Tough immigration policies have always played well with those European Americans who have been led to believe that refugees and other migrants pose an existential threat because it could after the demographic composition of the nation — and they are right. They will comprise 47 percent of the population by 2020, compared with 65 percent in 2005. That reality worsens the fears of those who worry about the “replacement theory” that non-European Americans would take over the country. It also explains why several states, especially in the South, have rigged their electoral systems to keep European Americans in control for the foreseeable future, especially through the undemocratic Electoral College.
But the United States is not alone in having to face the dilemma of portraying itself as a democratic, compassionate nation while having to cope with a tsunami of foreigners seeking asylum or just wanting an opportunity to improve their lives in a land of opportunity. It is happening all over Europe and is being met by increasingly draconian responses, including in Britain which is pushing a heartless policy of shipping refugees to Rwanda on a permanent basis.
As has been stated previously, none of this should be a surprise, although the current crop of leaders is making it appear that it is and that their countries cannot cope with the influx of so many human beings who arrive at their borders pleading for asylum. As far as Europe is concerned, what is being witnessed is the long-delayed reaction to hundreds of years of vicious colonialism and harsh occupation that ended with most of the former colonies destabilized, their traditional societies ruined and dictators in charge.
The United Nations High Commissioner for Refugees (UNHCR) estimates that refugees worldwide number 35.3 million, 62.5 million people have been displaced internally and 5.4 million are seeking asylum. The Missing Migrants Project, an arm of the UN’s International Organization for Migration (IOM) estimates that 59,290 men, women and children have died or disappeared since 2014 while fleeing their countries to see asylum elsewhere.
In the United States, the Republicans – and some Democrats – see the hundreds of thousands who try to enter through the southern border as an invasion without acknowledging the devastation which American intervention wreaked in the hemisphere while trying to contain Communism. That intervention left conditions that drive men, women and children to undertake perilous journeys through hundreds of miles of treacherous terrain for a chance to be the latest “barbarians” given an opportunity to enter through gates of the empire.
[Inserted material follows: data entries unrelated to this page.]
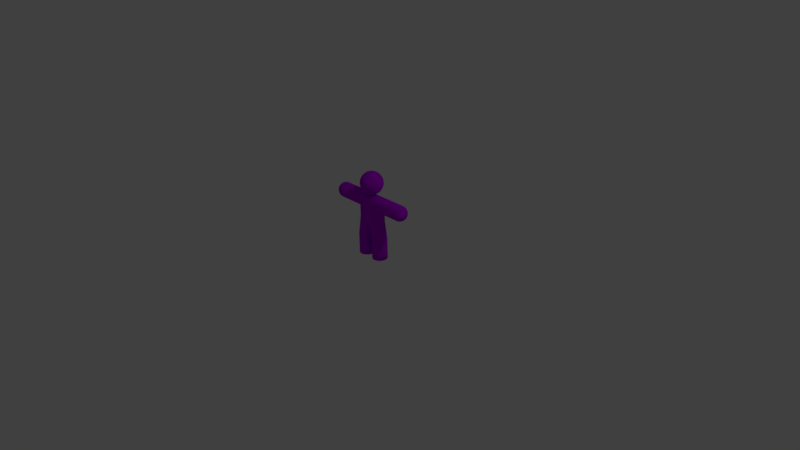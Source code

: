 # Source: man3.blend  (saved by Blender 2.77.0; exported with 4.5.12 LTS)
import bpy
from mathutils import Matrix  # noqa: F401  (used for matrix-valued properties, if any)

bpy.ops.wm.read_factory_settings(use_empty=True)
scene = bpy.context.scene
scene.name = 'Scene'

# ---- collections
col_collection_1 = bpy.data.collections.new('Collection 1'); scene.collection.children.link(col_collection_1)

# ---- materials (node trees are filled in below, after node groups)
mat_man = bpy.data.materials.new('Man')
mat_man.alpha_threshold = 0.0
mat_man.use_transparent_shadow = False
mat_man.diffuse_color = (0.4857, 0.0, 0.8, 1.0)
mat_man.roughness = 0.5
mat_man.specular_intensity = 0.0

# ---- material node trees

# ---- world
world_world = bpy.data.worlds.new('World'); scene.world = world_world
world_world.color = (0.05088, 0.05088, 0.05088)
world_world.use_sun_shadow = False
world_world.sun_shadow_jitter_overblur = 0.0
world_world.cycles.sampling_method = 'MANUAL'

# ---- cameras
cam_camera = bpy.data.cameras.new('Camera')
cam_camera.clip_end = 100.0
cam_camera.lens = 35.0
cam_camera.sensor_width = 32.0
cam_camera.sensor_height = 18.0
cam_camera.ortho_scale = 7.314
cam_camera.dof.focus_distance = 0.0
cam_camera.dof.aperture_fstop = 128.0

# ---- lights
light_lamp = bpy.data.lights.new('Lamp', 'POINT')
light_lamp.transmission_factor = 0.0
light_lamp.cutoff_distance = 30.0
light_lamp.energy = 100.0
light_lamp.shadow_buffer_clip_start = 1.001
light_lamp.shadow_soft_size = 0.1
light_lamp.shadow_maximum_resolution = 0.006
light_lamp.use_absolute_resolution = True

# ---- meshes
me_cylinder_001 = bpy.data.meshes.new('Cylinder.001')
me_cylinder_001.from_pydata([(0.12, 0.1, 0.0), (0.0, 0.1, 0.5), (0.1395, 0.09808, 0.0), (0.03902, 0.09808, 0.5), (0.1583, 0.09239, 0.0), (0.07654, 0.09239, 0.5), (0.1756, 0.08315, 0.0), (0.1111, 0.08315, 0.5), (0.1907, 0.07071, 0.0), (0.1414, 0.07071, 0.5), (0.2031, 0.05556, 0.0), (0.1663, 0.05556, 0.5), (0.2124, 0.03827, 0.0), (0.1848, 0.03827, 0.5), (0.2181, 0.01951, 0.0), (0.1962, 0.01951, 0.5), (0.22, 7.55e-09, 0.0), (0.2, 7.55e-09, 0.5), (0.2181, -0.01951, 0.0), (0.1962, -0.01951, 0.5), (0.2124, -0.03827, 0.0), (0.1848, -0.03827, 0.5), (0.2031, -0.05556, 0.0), (0.1663, -0.05556, 0.5), (0.1907, -0.07071, 0.0), (0.1414, -0.07071, 0.5), (0.1756, -0.08315, 0.0), (0.1111, -0.08315, 0.5), (0.1583, -0.09239, 0.0), (0.07654, -0.09239, 0.5), (0.1395, -0.09808, 0.0), (0.03902, -0.09808, 0.5), (0.12, -0.1, 0.0), (0.0, -0.1, 0.5), (0.1005, -0.09808, 0.0), (0.08173, -0.09239, 0.0), (0.06444, -0.08315, 0.0), (0.04929, -0.07071, 0.0), (0.03685, -0.05556, 0.0), (0.02761, -0.03827, 0.0), (0.02192, -0.01951, 0.0), (0.02, 9.656e-08, 0.0), (0.02192, 0.01951, 0.0), (0.02761, 0.03827, 0.0), (0.03685, 0.05556, 0.0), (0.04929, 0.07071, 0.0), (0.06444, 0.08315, 0.0), (0.08173, 0.09239, 0.0), (0.1005, 0.09808, 0.0), (0.12, 0.1, 0.275), (0.1395, 0.09808, 0.275), (0.1583, 0.09239, 0.275), (0.1756, 0.08315, 0.275), (0.1907, 0.07071, 0.275), (0.2031, 0.05556, 0.275), (0.2124, 0.03827, 0.275), (0.2181, 0.01951, 0.275), (0.22, 7.55e-09, 0.275), (0.2181, -0.01951, 0.275), (0.2124, -0.03827, 0.275), (0.2031, -0.05556, 0.275), (0.1907, -0.07071, 0.275), (0.1756, -0.08315, 0.275), (0.1583, -0.09239, 0.275), (0.1395, -0.09808, 0.275), (0.12, -0.1, 0.275), (0.1005, -0.09808, 0.275), (0.08173, -0.09239, 0.275), (0.06444, -0.08315, 0.275), (0.04929, -0.07071, 0.275), (0.03685, -0.05556, 0.275), (0.02761, -0.03827, 0.275), (0.02192, -0.01951, 0.275), (0.02, 9.656e-08, 0.275), (0.02192, 0.01951, 0.275), (0.02761, 0.03827, 0.275), (0.03685, 0.05556, 0.275), (0.04929, 0.07071, 0.275), (0.06444, 0.08315, 0.275), (0.08173, 0.09239, 0.275), (0.1005, 0.09808, 0.275), (0.0, 0.07071, 0.4205), (0.0, -0.03827, 0.3961), (0.0, 0.08315, 0.4375), (0.0, -0.01951, 0.3897), (0.0, -0.09808, 0.4781), (0.0, 0.09239, 0.4569), (0.0, 9.656e-08, 0.3875), (0.0, -0.09239, 0.4569), (0.0, 0.09808, 0.4781), (0.0, 0.01951, 0.3897), (0.0, -0.08315, 0.4375), (0.0, 0.03827, 0.3961), (0.0, -0.07071, 0.4205), (0.0, 0.05556, 0.4065), (0.0, -0.05556, 0.4065), (0.0, 0.1, 0.75), (0.0, -0.1, 0.75), (0.5, 0.1, 0.75), (0.5, 0.09808, 0.7305), (0.5, 0.09239, 0.7117), (0.5, 0.08315, 0.6944), (0.5, 0.07071, 0.6793), (0.5, 0.05556, 0.6669), (0.5, 0.03827, 0.6576), (0.5, 0.01951, 0.6519), (0.5, 7.55e-09, 0.65), (0.5, -0.01951, 0.6519), (0.5, -0.03827, 0.6576), (0.5, -0.05556, 0.6669), (0.5, -0.07071, 0.6793), (0.5, -0.08315, 0.6944), (0.5, -0.09239, 0.7117), (0.5, -0.09808, 0.7305), (0.5, -0.1, 0.75), (0.0, -0.09808, 0.7695), (0.5, -0.09808, 0.7695), (0.0, -0.09239, 0.7883), (0.5, -0.09239, 0.7883), (0.0, -0.08315, 0.8056), (0.5, -0.08315, 0.8056), (0.0, -0.07071, 0.8207), (0.5, -0.07071, 0.8207), (0.0, -0.05556, 0.8331), (0.5, -0.05556, 0.8331), (0.0, -0.03827, 0.8424), (0.5, -0.03827, 0.8424), (0.0, -0.01951, 0.8481), (0.5, -0.01951, 0.8481), (0.0, 9.656e-08, 0.85), (0.5, 9.656e-08, 0.85), (0.0, 0.01951, 0.8481), (0.5, 0.01951, 0.8481), (0.0, 0.03827, 0.8424), (0.5, 0.03827, 0.8424), (0.0, 0.05556, 0.8331), (0.5, 0.05556, 0.8331), (0.0, 0.07071, 0.8207), (0.5, 0.07071, 0.8207), (0.0, 0.08315, 0.8056), (0.5, 0.08315, 0.8056), (0.0, 0.09239, 0.7883), (0.5, 0.09239, 0.7883), (0.0, 0.09808, 0.7752), (0.5, 0.09808, 0.7695), (0.07654, -0.09239, 0.7117), (0.07654, 0.09239, 0.7117), (0.1962, -0.01951, 0.6519), (0.1414, 0.07071, 0.6793), (0.1848, -0.03827, 0.6576), (0.1663, -0.05556, 0.6669), (0.1962, 0.01951, 0.6519), (0.2, 8.201e-05, 0.65), (0.1848, 0.03827, 0.6576), (0.1111, -0.08315, 0.6944), (0.03902, 0.09808, 0.7305), (0.1414, -0.07071, 0.6793), (0.03902, -0.09808, 0.7305), (0.1111, 0.08315, 0.6944), (0.1663, 0.05556, 0.6669), (0.2, -0.1, 0.75), (0.2, 0.09808, 0.7729), (0.2, -0.08315, 0.8056), (0.2, -0.09808, 0.7305), (0.2, 0.03827, 0.8424), (0.2, 0.1, 0.75), (0.2, -0.05556, 0.6669), (0.2, -0.05556, 0.8331), (0.2, -0.07071, 0.6793), (0.2, 0.07071, 0.8207), (0.2, 0.08315, 0.6944), (0.2, -0.01951, 0.8481), (0.2, -0.09239, 0.7117), (0.2, 0.01951, 0.6519), (0.2, 0.09239, 0.7883), (0.2, -0.09239, 0.7883), (0.2, 0.01951, 0.8481), (0.2, 0.03827, 0.6576), (0.2, 0.09239, 0.7117), (0.2, -0.07071, 0.8207), (0.2, 0.07071, 0.6793), (0.2, 0.05556, 0.8331), (0.2, -0.03827, 0.6576), (0.2, -0.08315, 0.6944), (0.2, -0.03827, 0.8424), (0.2, -0.01951, 0.6519), (0.2, 0.05556, 0.6669), (0.2, 0.08315, 0.8056), (0.2, -0.09808, 0.7695), (0.2, 9.656e-08, 0.85), (0.2, 0.09808, 0.7305), (0.35, 4.101e-05, 0.65), (0.35, 0.1, 0.75), (0.35, -0.1, 0.75), (0.35, 0.09808, 0.7712), (0.35, -0.08315, 0.8056), (0.35, -0.09808, 0.7305), (0.35, 0.03827, 0.8424), (0.35, -0.05556, 0.6669), (0.35, -0.05556, 0.8331), (0.35, -0.07071, 0.6793), (0.35, 0.07071, 0.8207), (0.35, 0.08315, 0.6944), (0.35, -0.01951, 0.8481), (0.35, -0.09239, 0.7117), (0.35, 0.01951, 0.6519), (0.35, 0.09239, 0.7883), (0.35, -0.09239, 0.7883), (0.35, 0.01951, 0.8481), (0.35, 0.03827, 0.6576), (0.35, 0.09239, 0.7117), (0.35, -0.07071, 0.8207), (0.35, 0.07071, 0.6793), (0.35, 0.05556, 0.8331), (0.35, -0.03827, 0.6576), (0.35, -0.08315, 0.6944), (0.35, -0.03827, 0.8424), (0.35, -0.01951, 0.6519), (0.35, 0.05556, 0.6669), (0.35, 0.08315, 0.8056), (0.35, -0.09808, 0.7695), (0.35, 9.656e-08, 0.85), (0.35, 0.09808, 0.7305), (0.2, 5.462e-05, 0.5999), (0.07654, 0.09239, 0.5999), (0.1414, -0.07071, 0.5999), (0.1111, -0.08315, 0.5999), (0.0, 0.1, 0.5999), (0.03902, 0.09808, 0.5999), (0.1111, 0.08315, 0.5999), (0.1962, -0.01951, 0.5999), (0.0, -0.1, 0.5999), (0.1414, 0.07071, 0.5999), (0.1848, -0.03827, 0.5999), (0.1663, -0.05556, 0.5999), (0.03902, -0.09808, 0.5999), (0.07654, -0.09239, 0.5999), (0.1962, 0.01951, 0.5999), (0.1848, 0.03827, 0.5999), (0.1663, 0.05556, 0.5999), (0.425, 2.051e-05, 0.65), (0.425, 0.1, 0.75), (0.425, -0.1, 0.75), (0.425, 0.09808, 0.7704), (0.425, -0.08315, 0.8056), (0.425, -0.09808, 0.7305), (0.425, 0.03827, 0.8424), (0.425, -0.05556, 0.6669), (0.425, -0.05556, 0.8331), (0.425, -0.07071, 0.6793), (0.425, 0.07071, 0.8207), (0.425, 0.08315, 0.6944), (0.425, -0.01951, 0.8481), (0.425, -0.09239, 0.7117), (0.425, 0.01951, 0.6519), (0.425, 0.09239, 0.7883), (0.425, -0.09239, 0.7883), (0.425, 0.01951, 0.8481), (0.425, 0.03827, 0.6576), (0.425, 0.09239, 0.7117), (0.425, -0.07071, 0.8207), (0.425, 0.07071, 0.6793), (0.425, 0.05556, 0.8331), (0.425, -0.03827, 0.6576), (0.425, -0.08315, 0.6944), (0.425, -0.03827, 0.8424), (0.425, -0.01951, 0.6519), (0.425, 0.05556, 0.6669), (0.425, 0.08315, 0.8056), (0.425, -0.09808, 0.7695), (0.425, 9.656e-08, 0.85), (0.425, 0.09808, 0.7305), (0.275, -0.1, 0.75), (0.275, 0.09808, 0.7721), (0.275, -0.08315, 0.8056), (0.275, -0.09808, 0.7305), (0.275, 0.03827, 0.8424), (0.275, -0.05556, 0.6669), (0.275, -0.05556, 0.8331), (0.275, -0.07071, 0.6793), (0.275, 0.07071, 0.8207), (0.275, 0.08315, 0.6944), (0.275, -0.01951, 0.8481), (0.275, -0.09239, 0.7117), (0.275, 0.01951, 0.6519), (0.275, 0.09239, 0.7883), (0.275, -0.09239, 0.7883), (0.275, 0.01951, 0.8481), (0.275, 0.03827, 0.6576), (0.275, 0.09239, 0.7117), (0.275, -0.07071, 0.8207), (0.275, 0.07071, 0.6793), (0.275, 0.05556, 0.8331), (0.275, -0.03827, 0.6576), (0.275, -0.08315, 0.6944), (0.275, -0.03827, 0.8424), (0.275, -0.01951, 0.6519), (0.275, 0.05556, 0.6669), (0.275, 0.08315, 0.8056), (0.275, -0.09808, 0.7695), (0.275, 9.656e-08, 0.85), (0.275, 0.09808, 0.7305), (0.275, 6.151e-05, 0.65), (0.275, 0.1, 0.75), (0.1, -0.09808, 0.7695), (0.1, -0.09239, 0.7883), (0.1, -0.08315, 0.8056), (0.1, -0.07071, 0.8207), (0.1, -0.05556, 0.8331), (0.1, -0.03827, 0.8424), (0.1, -0.01951, 0.8481), (0.1, 9.656e-08, 0.85), (0.1, 0.01951, 0.8481), (0.1, 0.03827, 0.8424), (0.1, 0.05556, 0.8331), (0.1, 0.07071, 0.8207), (0.1, 0.08315, 0.8056), (0.1, 0.09239, 0.7883), (0.1, 0.09808, 0.774), (0.1383, -0.09239, 0.7117), (0.1383, 0.09239, 0.7117), (0.1981, -0.01951, 0.6519), (0.1832, -0.05556, 0.6669), (0.1924, 0.03827, 0.6576), (0.1556, -0.08315, 0.6944), (0.1195, 0.09808, 0.7305), (0.1556, 0.08315, 0.6944), (0.1924, -0.03827, 0.6576), (0.1195, -0.09808, 0.7305), (0.1707, 0.07071, 0.6793), (0.1707, -0.07071, 0.6793), (0.1981, 0.01951, 0.6519), (0.1831, 0.05556, 0.6669), (0.1, -0.1, 0.75), (0.1, 0.1, 0.75), (0.0, 0.1, 0.675), (0.1848, -0.03827, 0.6288), (0.2, 6.832e-05, 0.625), (0.03902, -0.09808, 0.6652), (0.1663, 0.05556, 0.6334), (0.1111, -0.08315, 0.6472), (0.03902, 0.09808, 0.6652), (0.1111, 0.08315, 0.6472), (0.07654, 0.09239, 0.6558), (0.1414, -0.07071, 0.6396), (0.1962, -0.01951, 0.6259), (0.0, -0.1, 0.675), (0.1414, 0.07071, 0.6396), (0.1663, -0.05556, 0.6334), (0.07654, -0.09239, 0.6558), (0.1962, 0.01951, 0.6259), (0.1848, 0.03827, 0.6288), (0.0, -0.1, 0.55), (0.1414, 0.07071, 0.55), (0.1962, 0.01951, 0.55), (0.1414, -0.07071, 0.55), (0.07654, -0.09239, 0.55), (0.1848, 0.03827, 0.55), (0.1663, -0.05556, 0.55), (0.07654, 0.09239, 0.55), (0.1962, -0.01951, 0.55), (0.2, 2.731e-05, 0.55), (0.1111, -0.08315, 0.55), (0.0, 0.1, 0.55), (0.03902, 0.09808, 0.55), (0.1111, 0.08315, 0.55), (0.1848, -0.03827, 0.55), (0.03902, -0.09808, 0.55), (0.1663, 0.05556, 0.55), (0.08511, -0.09808, 0.4354), (0.1875, -0.03827, 0.493), (0.1729, 0.05556, 0.4847), (0.04954, 0.09808, 0.4154), (0.004404, 0.03827, 0.39), (0.009876, -0.05556, 0.3931), (0.06207, -0.1, 0.4224), (0.1729, -0.05556, 0.4847), (0.1875, 0.03827, 0.493), (0.08511, 0.09808, 0.4354), (0.009876, 0.05556, 0.3931), (0.004404, -0.03827, 0.39), (0.04954, -0.09808, 0.4154), (0.154, -0.07071, 0.4741), (0.1968, 0.01951, 0.4982), (0.1088, 0.09239, 0.4487), (0.0174, 0.07071, 0.3973), (0.001102, -0.01951, 0.3881), (0.03762, -0.09239, 0.4087), (0.1322, -0.08315, 0.4619), (0.1322, 0.08315, 0.4619), (0.02676, 0.08315, 0.4026), (0.02676, -0.08315, 0.4026), (0.1088, -0.09239, 0.4487), (0.1968, -0.01951, 0.4982), (0.154, 0.07071, 0.4741), (0.03762, 0.09239, 0.4087), (0.001102, 0.01951, 0.3881), (0.06207, 0.1, 0.4224), (0.0174, -0.07071, 0.3973), (0.01151, -0.01951, 0.3316), (0.0456, 0.08315, 0.3388), (0.1724, 0.07071, 0.3746), (0.188, 0.05556, 0.3799), (0.09103, -0.1, 0.3487), (0.01601, -0.03827, 0.3325), (0.03335, 0.07071, 0.3361), (0.1539, 0.08315, 0.3684), (0.2074, -0.01951, 0.3866), (0.09103, 0.1, 0.3487), (0.02336, -0.05556, 0.334), (0.02336, 0.05556, 0.334), (0.1336, 0.09239, 0.3619), (0.21, 7.55e-09, 0.3875), (0.1336, -0.09239, 0.3619), (0.03335, -0.07071, 0.3361), (0.1123, -0.09808, 0.3552), (0.01601, 0.03827, 0.3325), (0.1123, 0.09808, 0.3552), (0.2074, 0.01951, 0.3866), (0.1539, -0.08315, 0.3684), (0.0456, -0.08315, 0.3388), (0.01151, 0.01951, 0.3316), (0.07502, 0.09808, 0.3452), (0.1999, 0.03827, 0.384), (0.1724, -0.07071, 0.3746), (0.05967, -0.09239, 0.3418), (0.01, 9.656e-08, 0.3312), (0.05967, 0.09239, 0.3418), (0.1999, -0.03827, 0.384), (0.188, -0.05556, 0.3799), (0.07502, -0.09808, 0.3452), (0.1395, 0.09808, 0.1833), (0.1395, 0.09808, 0.09167), (0.1583, 0.09239, 0.1833), (0.1583, 0.09239, 0.09167), (0.1756, 0.08315, 0.1833), (0.1756, 0.08315, 0.09167), (0.1907, 0.07071, 0.1833), (0.1907, 0.07071, 0.09167), (0.2031, 0.05556, 0.1833), (0.2031, 0.05556, 0.09167), (0.2124, 0.03827, 0.1833), (0.2124, 0.03827, 0.09167), (0.2181, 0.01951, 0.1833), (0.2181, 0.01951, 0.09167), (0.22, 7.55e-09, 0.1833), (0.22, 7.55e-09, 0.09167), (0.2181, -0.01951, 0.1833), (0.2181, -0.01951, 0.09167), (0.2124, -0.03827, 0.1833), (0.2124, -0.03827, 0.09167), (0.2031, -0.05556, 0.1833), (0.2031, -0.05556, 0.09167), (0.1907, -0.07071, 0.1833), (0.1907, -0.07071, 0.09167), (0.1756, -0.08315, 0.1833), (0.1756, -0.08315, 0.09167), (0.1583, -0.09239, 0.1833), (0.1583, -0.09239, 0.09167), (0.1395, -0.09808, 0.1833), (0.1395, -0.09808, 0.09167), (0.12, -0.1, 0.1833), (0.12, -0.1, 0.09167), (0.1005, -0.09808, 0.1833), (0.1005, -0.09808, 0.09167), (0.08173, -0.09239, 0.1833), (0.08173, -0.09239, 0.09167), (0.06444, -0.08315, 0.1833), (0.06444, -0.08315, 0.09167), (0.04929, -0.07071, 0.1833), (0.04929, -0.07071, 0.09167), (0.03685, -0.05556, 0.1833), (0.03685, -0.05556, 0.09167), (0.02761, -0.03827, 0.1833), (0.02761, -0.03827, 0.09167), (0.02192, -0.01951, 0.1833), (0.02192, -0.01951, 0.09167), (0.02, 9.656e-08, 0.1833), (0.02, 9.656e-08, 0.09167), (0.02192, 0.01951, 0.1833), (0.02192, 0.01951, 0.09167), (0.02761, 0.03827, 0.1833), (0.02761, 0.03827, 0.09167), (0.03685, 0.05556, 0.1833), (0.03685, 0.05556, 0.09167), (0.04929, 0.07071, 0.1833), (0.04929, 0.07071, 0.09167), (0.06444, 0.08315, 0.1833), (0.06444, 0.08315, 0.09167), (0.08173, 0.09239, 0.1833), (0.08173, 0.09239, 0.09167), (0.1005, 0.09808, 0.1833), (0.1005, 0.09808, 0.09167), (0.12, 0.1, 0.09167), (0.12, 0.1, 0.1833), (0.5038, 0.01913, 0.8481), (0.5075, 0.03753, 0.8424), (0.5108, 0.05449, 0.8331), (0.5138, 0.06935, 0.8207), (0.5162, 0.08155, 0.8056), (0.518, 0.09061, 0.7883), (0.5191, 0.09619, 0.7695), (0.5195, 0.09808, 0.75), (0.5191, 0.09619, 0.7305), (0.518, 0.09061, 0.7117), (0.5162, 0.08155, 0.6944), (0.5138, 0.06935, 0.6793), (0.5108, 0.05449, 0.6669), (0.5075, 0.03753, 0.6576), (0.5038, 0.01913, 0.6519), (0.5075, 0.01802, 0.8481), (0.5146, 0.03536, 0.8424), (0.5213, 0.05133, 0.8331), (0.5271, 0.06533, 0.8207), (0.5318, 0.07682, 0.8056), (0.5354, 0.08536, 0.7883), (0.5375, 0.09061, 0.7695), (0.5383, 0.09239, 0.75), (0.5375, 0.09061, 0.7305), (0.5354, 0.08536, 0.7117), (0.5318, 0.07682, 0.6944), (0.5271, 0.06533, 0.6793), (0.5213, 0.05133, 0.6669), (0.5146, 0.03536, 0.6576), (0.5075, 0.01802, 0.6519), (0.5108, 0.01622, 0.8481), (0.5213, 0.03182, 0.8424), (0.5309, 0.04619, 0.8331), (0.5393, 0.05879, 0.8207), (0.5462, 0.06913, 0.8056), (0.5513, 0.07682, 0.7883), (0.5545, 0.08155, 0.7695), (0.5556, 0.08315, 0.75), (0.5545, 0.08155, 0.7305), (0.5513, 0.07682, 0.7117), (0.5462, 0.06913, 0.6944), (0.5393, 0.05879, 0.6793), (0.5309, 0.04619, 0.6669), (0.5213, 0.03182, 0.6576), (0.5108, 0.01622, 0.6519), (0.5138, 0.01379, 0.8481), (0.5271, 0.02706, 0.8424), (0.5393, 0.03928, 0.8331), (0.55, 0.05, 0.8207), (0.5588, 0.05879, 0.8056), (0.5653, 0.06533, 0.7883), (0.5694, 0.06935, 0.7695), (0.5707, 0.07071, 0.75), (0.5694, 0.06935, 0.7305), (0.5653, 0.06533, 0.7117), (0.5588, 0.05879, 0.6944), (0.55, 0.05, 0.6793), (0.5393, 0.03928, 0.6669), (0.5271, 0.02706, 0.6576), (0.5138, 0.01379, 0.6519), (0.5162, 0.01084, 0.8481), (0.5318, 0.02126, 0.8424), (0.5462, 0.03087, 0.8331), (0.5588, 0.03928, 0.8207), (0.5691, 0.04619, 0.8056), (0.5768, 0.05133, 0.7883), (0.5815, 0.05449, 0.7695), (0.5831, 0.05556, 0.75), (0.5815, 0.05449, 0.7305), (0.5768, 0.05133, 0.7117), (0.5691, 0.04619, 0.6944), (0.5588, 0.03928, 0.6793), (0.5462, 0.03087, 0.6669), (0.5318, 0.02126, 0.6576), (0.5162, 0.01084, 0.6519), (0.518, 0.007466, 0.8481), (0.5354, 0.01464, 0.8424), (0.5513, 0.02126, 0.8331), (0.5653, 0.02706, 0.8207), (0.5768, 0.03182, 0.8056), (0.5854, 0.03536, 0.7883), (0.5906, 0.03753, 0.7695), (0.5924, 0.03827, 0.75), (0.5906, 0.03753, 0.7305), (0.5854, 0.03536, 0.7117), (0.5768, 0.03182, 0.6944), (0.5653, 0.02706, 0.6793), (0.5513, 0.02126, 0.6669), (0.5354, 0.01464, 0.6576), (0.518, 0.007466, 0.6519), (0.5191, 0.003806, 0.8481), (0.5375, 0.007466, 0.8424), (0.5545, 0.01084, 0.8331), (0.5694, 0.01379, 0.8207), (0.5815, 0.01622, 0.8056), (0.5906, 0.01802, 0.7883), (0.5962, 0.01913, 0.7695), (0.5981, 0.01951, 0.75), (0.5962, 0.01913, 0.7305), (0.5906, 0.01802, 0.7117), (0.5815, 0.01622, 0.6944), (0.5694, 0.01379, 0.6793), (0.5545, 0.01084, 0.6669), (0.5375, 0.007466, 0.6576), (0.5191, 0.003806, 0.6519), (0.5195, -8.609e-10, 0.8481), (0.5383, -6.281e-10, 0.8424), (0.5556, -2.956e-09, 0.8331), (0.5707, -9.476e-09, 0.8207), (0.5831, -1.972e-08, 0.8056), (0.5924, -1.599e-08, 0.7883), (0.5981, 1.567e-08, 0.7695), (0.6, -1.413e-08, 0.75), (0.5981, 7.689e-10, 0.7305), (0.5924, -4.819e-09, 0.7117), (0.5831, -1.972e-08, 0.6944), (0.5707, -9.476e-09, 0.6793), (0.5556, -2.956e-09, 0.6669), (0.5383, 5.426e-09, 0.6576), (0.5195, -2.724e-09, 0.6519), (0.5191, -0.003806, 0.8481), (0.5375, -0.007466, 0.8424), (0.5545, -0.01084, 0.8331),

“Enabled by social media and Colombian organized crime, more than 506,000 migrants — nearly two-thirds Venezuelans — had crossed the Darian jungle by mid-December, double the 248,000 who set a record the previous year. Before last year, the record was barely 30,000 in 2016,” the Associated Press reported, referring to the territory between Colombia and Panama which has become a “speedy but still treacherous highway” on the quest for a better life.
As Christmas, a time of goodwill, is being celebrated, it will be good to pause a moment to reflect on those who are less fortunate, rather than demonizing them, and the role which the U.S. and other developed nations have played in creating the conditions that have made it impossible for one in every 74 people on Earth, according to the UN, to live in his or her native land and risk major perils, including death, in a quest for refuge elsewhere.
And would be good to ponder also on what the situation would have been if the Indigenous peoples had greeted the refugees fleeing religious persecution in Britain had greeted them in the same way that their descendants are dealing with today’s refugees.